→ **EXERCISE DETAILS**
Of all the lines in the entries below, give again exactly those starting at the line containing "at (146.5, 63.0)" and ending at the line containing "- moved C10 117.2 mm to (154.2, 114.7)", both ends included, and no others.

Data excerpts:
----
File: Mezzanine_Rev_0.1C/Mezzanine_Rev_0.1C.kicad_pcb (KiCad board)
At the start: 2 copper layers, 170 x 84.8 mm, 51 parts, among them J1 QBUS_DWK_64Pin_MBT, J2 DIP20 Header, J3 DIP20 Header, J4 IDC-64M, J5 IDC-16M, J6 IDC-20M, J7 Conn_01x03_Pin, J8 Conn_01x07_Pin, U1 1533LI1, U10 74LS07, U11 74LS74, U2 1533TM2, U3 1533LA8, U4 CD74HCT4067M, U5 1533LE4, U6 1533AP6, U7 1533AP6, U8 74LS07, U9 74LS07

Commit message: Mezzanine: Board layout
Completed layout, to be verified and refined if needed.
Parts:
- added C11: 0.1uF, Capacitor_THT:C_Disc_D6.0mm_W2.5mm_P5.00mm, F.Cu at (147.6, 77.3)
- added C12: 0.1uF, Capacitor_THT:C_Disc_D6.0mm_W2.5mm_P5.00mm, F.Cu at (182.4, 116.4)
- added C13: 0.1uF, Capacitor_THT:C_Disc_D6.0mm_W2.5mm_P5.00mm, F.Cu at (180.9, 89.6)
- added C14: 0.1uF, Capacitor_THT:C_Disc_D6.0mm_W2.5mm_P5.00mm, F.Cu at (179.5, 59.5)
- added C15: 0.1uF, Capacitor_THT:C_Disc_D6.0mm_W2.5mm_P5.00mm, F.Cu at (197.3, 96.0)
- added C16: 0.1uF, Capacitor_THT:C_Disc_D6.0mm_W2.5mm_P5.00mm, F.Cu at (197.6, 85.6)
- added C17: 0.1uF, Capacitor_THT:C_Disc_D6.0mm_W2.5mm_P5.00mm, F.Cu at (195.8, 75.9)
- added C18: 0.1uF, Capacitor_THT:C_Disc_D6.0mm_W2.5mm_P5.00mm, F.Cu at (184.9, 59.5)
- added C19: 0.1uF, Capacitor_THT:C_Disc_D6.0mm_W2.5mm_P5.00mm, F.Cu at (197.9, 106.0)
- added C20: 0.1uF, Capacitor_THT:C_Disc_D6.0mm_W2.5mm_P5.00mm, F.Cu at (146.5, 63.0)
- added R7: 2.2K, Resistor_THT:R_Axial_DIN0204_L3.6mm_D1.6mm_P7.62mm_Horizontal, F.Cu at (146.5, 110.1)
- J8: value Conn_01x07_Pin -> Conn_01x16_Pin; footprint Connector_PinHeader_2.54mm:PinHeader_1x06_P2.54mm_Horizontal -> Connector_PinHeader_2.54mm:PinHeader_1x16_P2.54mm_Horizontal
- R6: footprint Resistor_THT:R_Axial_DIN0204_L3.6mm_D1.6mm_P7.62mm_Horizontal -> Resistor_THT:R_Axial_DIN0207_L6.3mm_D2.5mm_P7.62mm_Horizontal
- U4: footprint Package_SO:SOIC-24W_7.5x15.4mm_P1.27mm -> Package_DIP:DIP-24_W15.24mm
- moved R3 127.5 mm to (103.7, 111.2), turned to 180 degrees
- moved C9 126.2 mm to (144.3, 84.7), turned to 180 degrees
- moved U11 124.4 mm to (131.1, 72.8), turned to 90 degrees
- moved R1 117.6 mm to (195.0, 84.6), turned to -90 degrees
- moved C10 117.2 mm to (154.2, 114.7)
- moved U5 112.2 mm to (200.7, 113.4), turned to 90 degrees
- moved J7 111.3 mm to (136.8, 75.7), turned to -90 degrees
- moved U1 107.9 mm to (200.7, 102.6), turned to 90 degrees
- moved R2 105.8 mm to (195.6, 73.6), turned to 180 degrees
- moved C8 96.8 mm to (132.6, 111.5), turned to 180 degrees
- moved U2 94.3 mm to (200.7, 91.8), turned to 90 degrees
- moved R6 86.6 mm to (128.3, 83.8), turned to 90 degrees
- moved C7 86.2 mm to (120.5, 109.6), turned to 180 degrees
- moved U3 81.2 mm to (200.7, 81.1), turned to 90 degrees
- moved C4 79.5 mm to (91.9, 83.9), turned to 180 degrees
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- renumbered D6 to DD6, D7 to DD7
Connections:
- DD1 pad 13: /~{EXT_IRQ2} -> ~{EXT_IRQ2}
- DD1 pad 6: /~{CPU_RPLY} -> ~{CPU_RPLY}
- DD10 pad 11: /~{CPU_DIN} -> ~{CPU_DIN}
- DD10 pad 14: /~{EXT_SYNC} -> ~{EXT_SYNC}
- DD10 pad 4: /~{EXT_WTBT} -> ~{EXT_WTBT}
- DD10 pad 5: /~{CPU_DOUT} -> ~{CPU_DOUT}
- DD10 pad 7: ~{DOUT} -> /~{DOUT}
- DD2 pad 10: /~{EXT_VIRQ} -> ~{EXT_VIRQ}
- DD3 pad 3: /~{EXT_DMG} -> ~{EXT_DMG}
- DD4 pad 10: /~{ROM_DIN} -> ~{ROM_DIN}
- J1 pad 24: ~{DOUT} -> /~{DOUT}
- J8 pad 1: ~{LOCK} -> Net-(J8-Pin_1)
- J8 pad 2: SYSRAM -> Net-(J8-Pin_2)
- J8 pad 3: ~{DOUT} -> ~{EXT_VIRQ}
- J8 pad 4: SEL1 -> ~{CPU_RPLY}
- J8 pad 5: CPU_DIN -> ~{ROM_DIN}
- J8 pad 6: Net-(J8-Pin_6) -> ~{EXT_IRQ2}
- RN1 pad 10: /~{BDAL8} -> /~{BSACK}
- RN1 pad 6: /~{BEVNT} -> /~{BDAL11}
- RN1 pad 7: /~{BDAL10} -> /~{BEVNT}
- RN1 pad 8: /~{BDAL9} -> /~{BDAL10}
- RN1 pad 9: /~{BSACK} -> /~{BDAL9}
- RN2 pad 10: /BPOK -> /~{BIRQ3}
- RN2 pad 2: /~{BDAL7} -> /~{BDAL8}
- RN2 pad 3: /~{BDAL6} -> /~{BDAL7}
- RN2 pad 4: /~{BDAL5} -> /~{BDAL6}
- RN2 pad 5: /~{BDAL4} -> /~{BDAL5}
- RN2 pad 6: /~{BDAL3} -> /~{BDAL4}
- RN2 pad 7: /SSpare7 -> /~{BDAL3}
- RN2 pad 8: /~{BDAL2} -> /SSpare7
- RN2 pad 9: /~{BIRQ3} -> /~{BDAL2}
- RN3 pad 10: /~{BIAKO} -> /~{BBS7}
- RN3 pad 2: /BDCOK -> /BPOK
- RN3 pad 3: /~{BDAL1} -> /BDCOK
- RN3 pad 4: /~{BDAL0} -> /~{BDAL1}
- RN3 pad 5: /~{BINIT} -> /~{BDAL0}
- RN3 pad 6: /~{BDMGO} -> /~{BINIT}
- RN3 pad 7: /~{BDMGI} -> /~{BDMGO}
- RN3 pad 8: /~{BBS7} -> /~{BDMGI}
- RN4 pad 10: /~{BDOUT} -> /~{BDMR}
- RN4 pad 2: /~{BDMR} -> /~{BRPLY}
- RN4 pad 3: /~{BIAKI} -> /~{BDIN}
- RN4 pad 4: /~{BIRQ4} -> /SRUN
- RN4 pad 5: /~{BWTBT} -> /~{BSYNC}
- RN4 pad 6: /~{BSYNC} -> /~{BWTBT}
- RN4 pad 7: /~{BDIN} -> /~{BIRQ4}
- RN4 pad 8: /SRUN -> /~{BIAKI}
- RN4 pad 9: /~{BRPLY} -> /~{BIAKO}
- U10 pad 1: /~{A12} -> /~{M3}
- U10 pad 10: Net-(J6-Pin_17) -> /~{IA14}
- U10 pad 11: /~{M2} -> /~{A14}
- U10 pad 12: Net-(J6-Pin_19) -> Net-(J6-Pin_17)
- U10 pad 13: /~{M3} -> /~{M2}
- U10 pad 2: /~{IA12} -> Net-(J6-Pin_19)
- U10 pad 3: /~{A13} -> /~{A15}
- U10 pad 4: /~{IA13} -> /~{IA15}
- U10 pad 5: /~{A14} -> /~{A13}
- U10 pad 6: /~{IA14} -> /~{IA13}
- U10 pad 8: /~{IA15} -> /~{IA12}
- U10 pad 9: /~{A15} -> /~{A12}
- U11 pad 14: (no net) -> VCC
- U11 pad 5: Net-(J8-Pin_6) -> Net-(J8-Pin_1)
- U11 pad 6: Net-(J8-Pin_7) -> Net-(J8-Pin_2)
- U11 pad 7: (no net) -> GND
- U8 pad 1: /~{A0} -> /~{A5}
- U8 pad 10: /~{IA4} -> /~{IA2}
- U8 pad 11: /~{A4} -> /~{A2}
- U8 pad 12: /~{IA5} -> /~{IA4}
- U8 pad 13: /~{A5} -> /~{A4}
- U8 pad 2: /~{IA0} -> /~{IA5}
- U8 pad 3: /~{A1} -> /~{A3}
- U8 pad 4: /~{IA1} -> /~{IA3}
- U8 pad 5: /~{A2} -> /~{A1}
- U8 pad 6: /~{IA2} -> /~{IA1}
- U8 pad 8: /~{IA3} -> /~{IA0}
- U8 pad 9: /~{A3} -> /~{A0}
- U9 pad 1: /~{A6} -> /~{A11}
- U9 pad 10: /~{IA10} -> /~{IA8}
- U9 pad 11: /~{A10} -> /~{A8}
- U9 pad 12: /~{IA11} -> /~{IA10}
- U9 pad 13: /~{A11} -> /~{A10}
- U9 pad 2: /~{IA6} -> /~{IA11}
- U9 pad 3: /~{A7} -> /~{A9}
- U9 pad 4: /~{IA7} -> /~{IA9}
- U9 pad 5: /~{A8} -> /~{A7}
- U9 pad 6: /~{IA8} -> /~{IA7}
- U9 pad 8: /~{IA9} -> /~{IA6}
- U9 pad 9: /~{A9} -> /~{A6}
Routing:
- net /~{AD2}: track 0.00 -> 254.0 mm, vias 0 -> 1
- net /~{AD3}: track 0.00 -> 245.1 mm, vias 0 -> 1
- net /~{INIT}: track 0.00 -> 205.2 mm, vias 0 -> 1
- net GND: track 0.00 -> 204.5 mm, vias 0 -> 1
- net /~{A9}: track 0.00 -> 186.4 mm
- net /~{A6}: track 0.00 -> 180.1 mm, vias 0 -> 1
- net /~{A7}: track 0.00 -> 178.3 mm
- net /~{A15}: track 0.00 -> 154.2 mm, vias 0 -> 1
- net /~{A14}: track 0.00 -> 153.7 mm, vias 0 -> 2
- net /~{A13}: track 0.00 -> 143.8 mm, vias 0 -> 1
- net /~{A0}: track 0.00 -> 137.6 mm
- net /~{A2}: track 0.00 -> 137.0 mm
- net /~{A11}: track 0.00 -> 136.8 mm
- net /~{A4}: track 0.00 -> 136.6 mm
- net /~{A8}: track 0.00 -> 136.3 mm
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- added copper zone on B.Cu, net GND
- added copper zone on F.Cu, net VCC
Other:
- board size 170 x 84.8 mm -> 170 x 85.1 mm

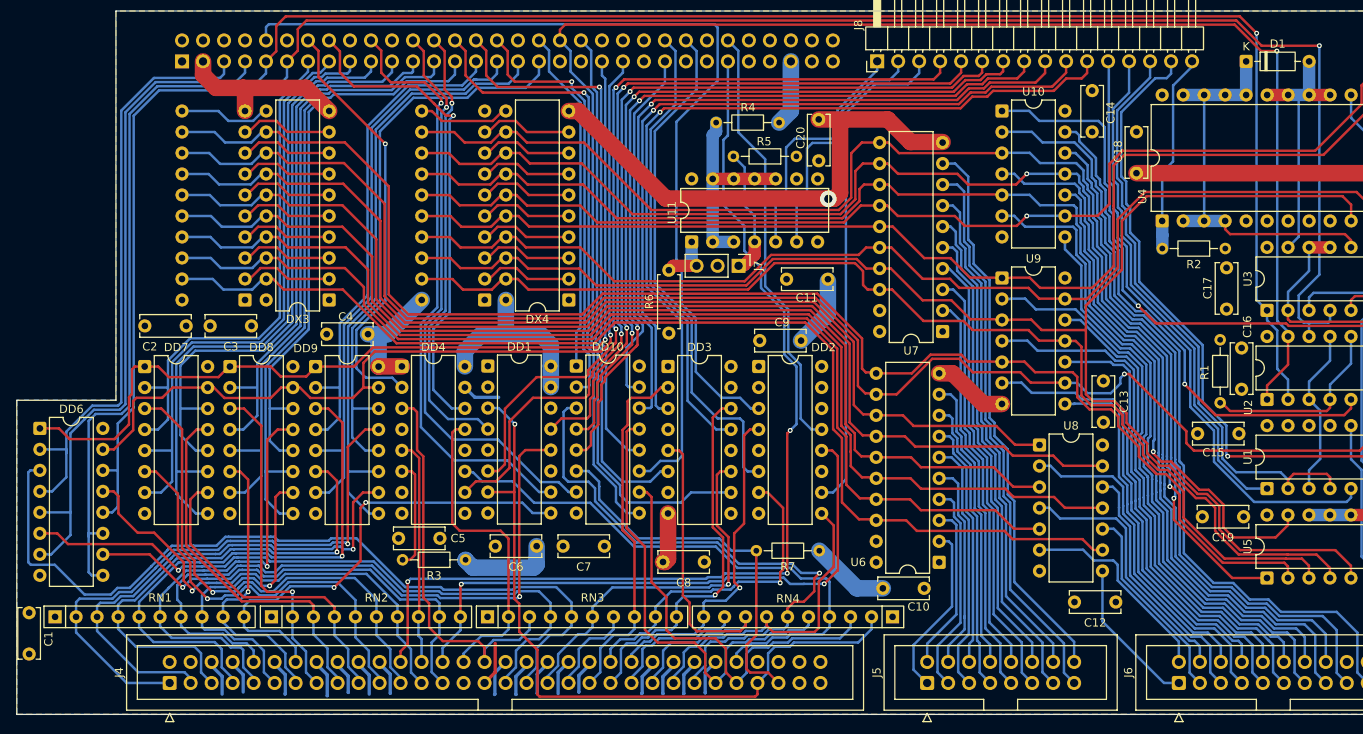
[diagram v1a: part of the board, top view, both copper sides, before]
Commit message: Mezzanine: Improve layout
More power connections, rearranged resistors.
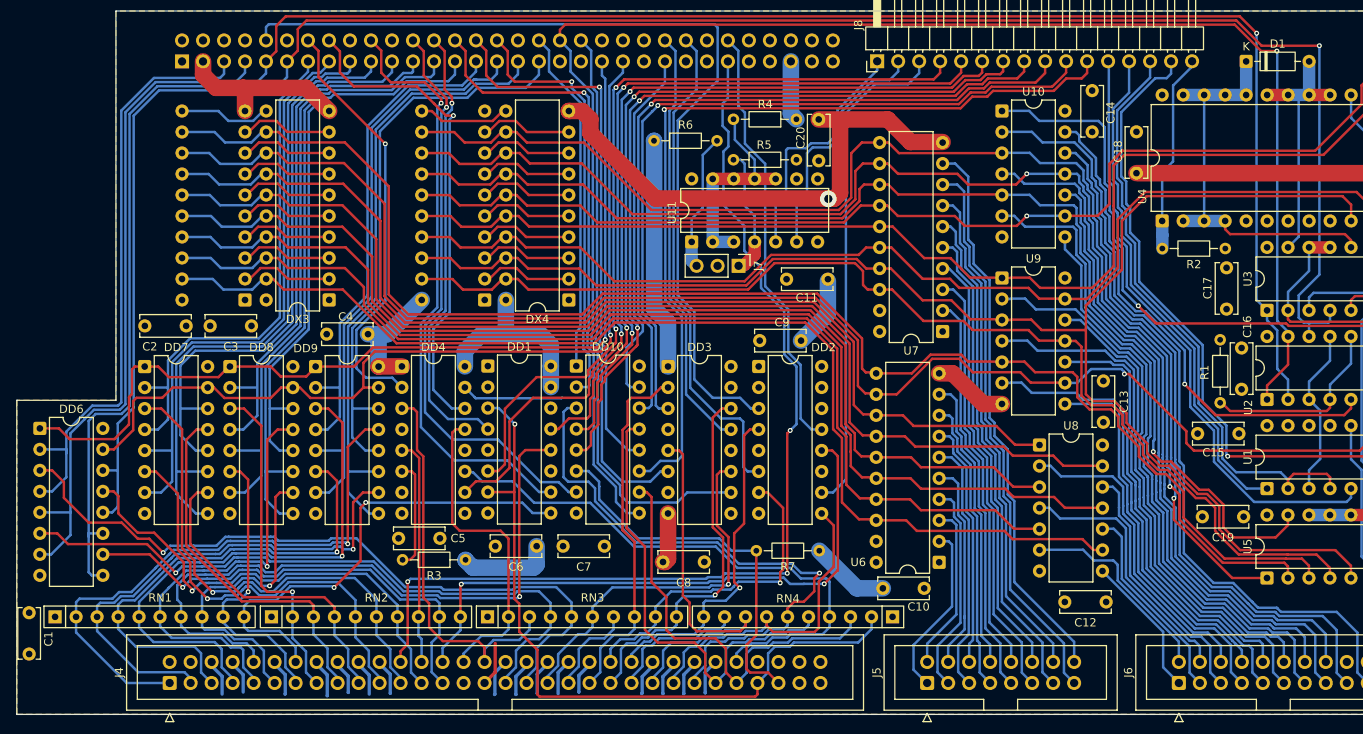
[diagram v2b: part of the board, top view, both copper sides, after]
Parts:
- R6: footprint Resistor_THT:R_Axial_DIN0207_L6.3mm_D2.5mm_P7.62mm_Horizontal -> Resistor_THT:R_Axial_DIN0204_L3.6mm_D1.6mm_P7.62mm_Horizontal
- moved R6 23.3 mm to (126.5, 60.5), turned to 0 degrees
- moved R4 2.13 mm to (143.8, 57.9)
- moved C12 1.17 mm to (181.2, 116.3)
- moved R5 0.41 mm to (143.8, 62.8)
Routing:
- net VCC: track 84.9 -> 112.2 mm
- net /~{BDAL0}: track 98.6 -> 86.4 mm, vias 0 -> 1
- net Net-(J7-Pin_3): track 6.70 -> 16.6 mm
- net GND: track 204.5 -> 213.2 mm
- net /~{BS7}: track 53.9 -> 51.7 mm
- net /~{IRQ1}: track 62.3 -> 60.2 mm
- net ~{CPU_DIN}: track 105.0 -> 103.2 mm
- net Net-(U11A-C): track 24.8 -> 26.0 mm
----
→ **YOUR SOLUTION**
- added C20: 0.1uF, Capacitor_THT:C_Disc_D6.0mm_W2.5mm_P5.00mm, F.Cu at (146.5, 63.0)
- added R7: 2.2K, Resistor_THT:R_Axial_DIN0204_L3.6mm_D1.6mm_P7.62mm_Horizontal, F.Cu at (146.5, 110.1)
- J8: value Conn_01x07_Pin -> Conn_01x16_Pin; footprint Connector_PinHeader_2.54mm:PinHeader_1x06_P2.54mm_Horizontal -> Connector_PinHeader_2.54mm:PinHeader_1x16_P2.54mm_Horizontal
- R6: footprint Resistor_THT:R_Axial_DIN0204_L3.6mm_D1.6mm_P7.62mm_Horizontal -> Resistor_THT:R_Axial_DIN0207_L6.3mm_D2.5mm_P7.62mm_Horizontal
- U4: footprint Package_SO:SOIC-24W_7.5x15.4mm_P1.27mm -> Package_DIP:DIP-24_W15.24mm
- moved R3 127.5 mm to (103.7, 111.2), turned to 180 degrees
- moved C9 126.2 mm to (144.3, 84.7), turned to 180 degrees
- moved U11 124.4 mm to (131.1, 72.8), turned to 90 degrees
- moved R1 117.6 mm to (195.0, 84.6), turned to -90 degrees
- moved C10 117.2 mm to (154.2, 114.7)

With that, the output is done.